It’s not very long ago that the Supreme Court issued an opinion about social security eligibility for kids conceived after the death of the genetic father. I wrote about it here. If you look back that what you’ll see is that in that case an administrative agency (it was social security) had rules about when a person was a “child.” The Court held that the rules were good enough–not the only imaginable set of rules, but one possible set of rules.
One thing that can make you slightly crazy is that there are many different definitions of family law terms that are in use in our law. They are not always consistent. Thus, the definition of “child” in social security (which is actually an incorporation of a state law standard) is not the same as the definition of child for all other purposes.
Now as I say, this can make you slightly crazy, but there’s actually a good reason for the variation. The words used–“parent,” “child,” “family,” or whatever–are there for a purpose. They define a class of people eligible for (or perhaps not eligible for) a particular federal benefit or program. And since different federal benefits and programs are around for different reasons, they may need to use different definitions.
This will be more clear if I give an example and you can probably tell I’m working up to one here. I’m thinking about the Family and Medical Leave Act (FMLA) and who it protects.
Now the FMLA, as you may know, is the federal statute that mandates unpaid time off for a limited group of employees (basically you have to work for a big enough company) for qualified medical and family reasons. Seen in global perspective, it is a pretty pathetic set of benefits (I think most other countries provide better protections than the FMLA does) but it is what we have.
The idea is that you get unpaid time off (but you get to go back to your job, at least) to take care of a family member under certain circumstances. Clearly we need a definition of family members.
The definition is provided by the US Department of Labor and you can read a bit about it here. The material I’ve linked to addresses a specific problem: The statute refers to a “son or daughter.” Given that language, who gets to take time off to care for a child? It’s up to the agency to determine the meaning of the words and give them more specific content.
It seems pretty clear that given the purpose of the FMLA a “son or daughter” has to include an adopted child. It also probably ought to include a child conceived via ART with or without third-party gametes. What you want to focus on isn’t the genetics, it’s who is caring for the child–who needs to bond, etc. As the DOL document says:
Congress intended the definition of “son or daughter” to reflect“the reality that many children in the United States today do not live in traditional ‘nuclear’ families with their biological father and mother. Increasingly, those who find themselves in need of workplace accommodation of their child care responsibilities are not the biological parent of the children they care for, but their adoptive, step, or foster parents, their guardians, or sometimes simply their grandparents or other relatives or adults.”

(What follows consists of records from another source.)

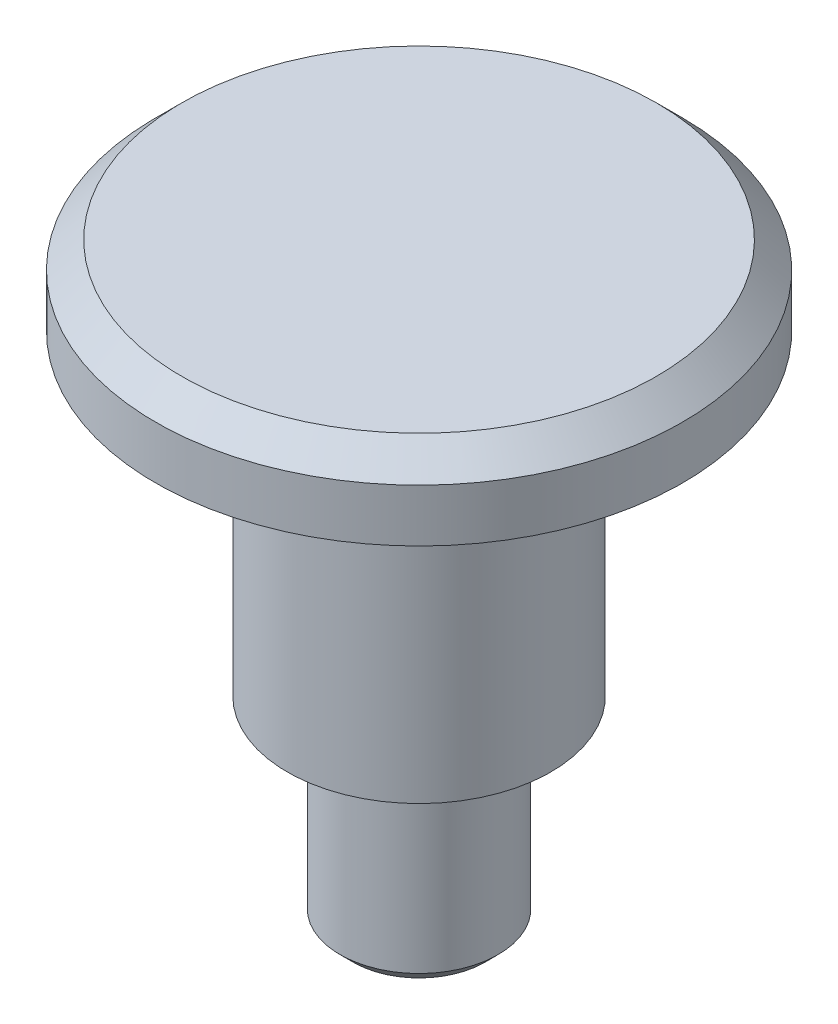
from build123d import *


with BuildPart() as part:
    # Esquisse1 → Base-Révolution (revolve)
    with BuildSketch(Plane.XY, mode=Mode.PRIVATE) as base_r_volution_sk:
        with BuildLine():
            Line((0, 0), (2.5, 0))
            Line((2.5, 0), (3, 0.5))
            Line((3, 0.5), (3, 7.5))
            ThreePointArc((3, 7.5), (3.3, 7.8), (3.6, 7.5))
            Line((3.6, 7.5), (5, 7.5))
            Line((5, 7.5), (5, 19.5))
            ThreePointArc((5, 19.5), (5.3, 19.8), (5.6, 19.5))
            Line((5.6, 19.5), (10, 19.5))
            Line((10, 19.5), (10, 21.5))
            Line((10, 21.5), (9, 22.5))
            Line((9, 22.5), (0, 22.5))
            Line((0, 22.5), (0, 0))
        make_face()
    revolve(base_r_volution_sk.sketch.rotate(Axis((0, 0, 0), (0, 1, 0)), 90), axis=Axis((0, 0, 0), (0, 1, 0)))


solid = part.part
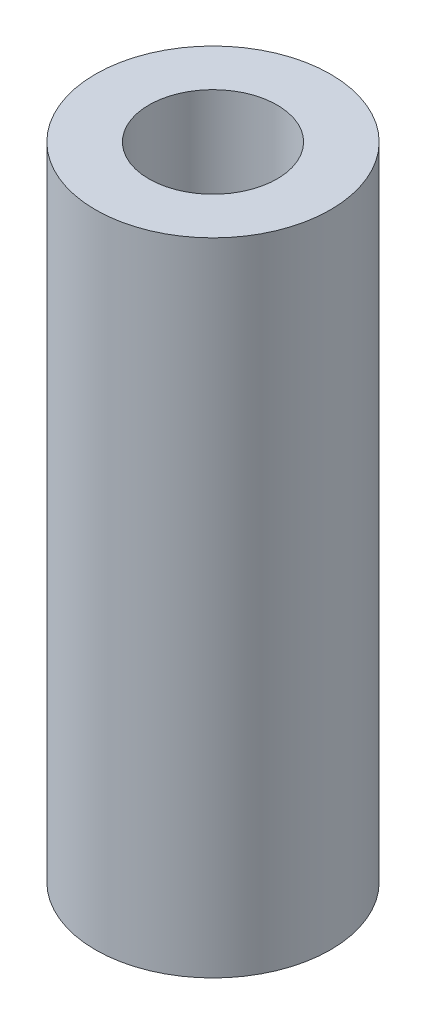
from build123d import *

# Parameters (mm, degrees)
SKETCH1_R           = 3.3
SKETCH1_R_2         = 1.8
BOSS_EXTRUDE1_DEPTH = 18


with BuildPart() as part:
    # Sketch1 → Boss-Extrude1 (new body)
    with BuildSketch(Plane(origin=(0, 0, 0), x_dir=(1, 0, 0), z_dir=(0, 1, 0))):
        with Locations(Location((0, 0, 0), (0, 0, 270))):
            Circle(SKETCH1_R)
        with Locations(Location((0, 0, 0), (0, 0, 270))):
            Circle(SKETCH1_R_2, mode=Mode.SUBTRACT)
    extrude(amount=BOSS_EXTRUDE1_DEPTH)


solid = part.part

The problem isn’t the cases I mentioned before–ART or adoption–but, as the document says, what about instances where a person is caring for a child but there is no (formal) legal or biological parent/child relationship?
The DOL uses the concept of in loco parentis to draw the line. I’ll include a lengthy quote here so that you can get a flavor of what this means.
In loco parentis is commonly understood to refer to “a person who has put himself in the situation of a lawful parent by assuming the obligations incident to the parental relation without going through the formalities necessary to legal adoption. It embodies the two ideas of assuming the parental status and discharging the parental duties.” Niewiadomski v. U.S., 159 F.2d 683, 686 (6th Cir. 1947) (quotations omitted). Black’s Law Dictionary defines the term in loco parentis as “in the place of a parent.” Black’s Law Dictionary 803 (8th ed. 2004). “The key in determining whether the relationship of in loco parentis is established is found in the intention of the person allegedly in loco parentis to assume the status of a parent toward the child. The intent to assume such parental status can be inferred from the acts of the parties.” Dillon v. Maryland-National Capital Park and Planning Comm’n, 382 F. Supp. 2d 777, 787 (D. Md. 2005), aff’d 258 Fed. Appx. 577 (4th Cir. 2007) (citations omitted; emphasis in original).
And it makes clear that you can have two legal parents and someone else who is in loco parentis and therefore is entitled to the protections of the FMLA.
There’s a way in which this little exercise flies in the face of what I’ve spent so much time thinking about on this blog–the big questions like “who is a parent?” It suggests that we have to answer these questions one by one, depending on the context. The DOL definition here may not be right for social security or other purposes, but it is the right answer for this situation.
I figured it was worth a bit of thought.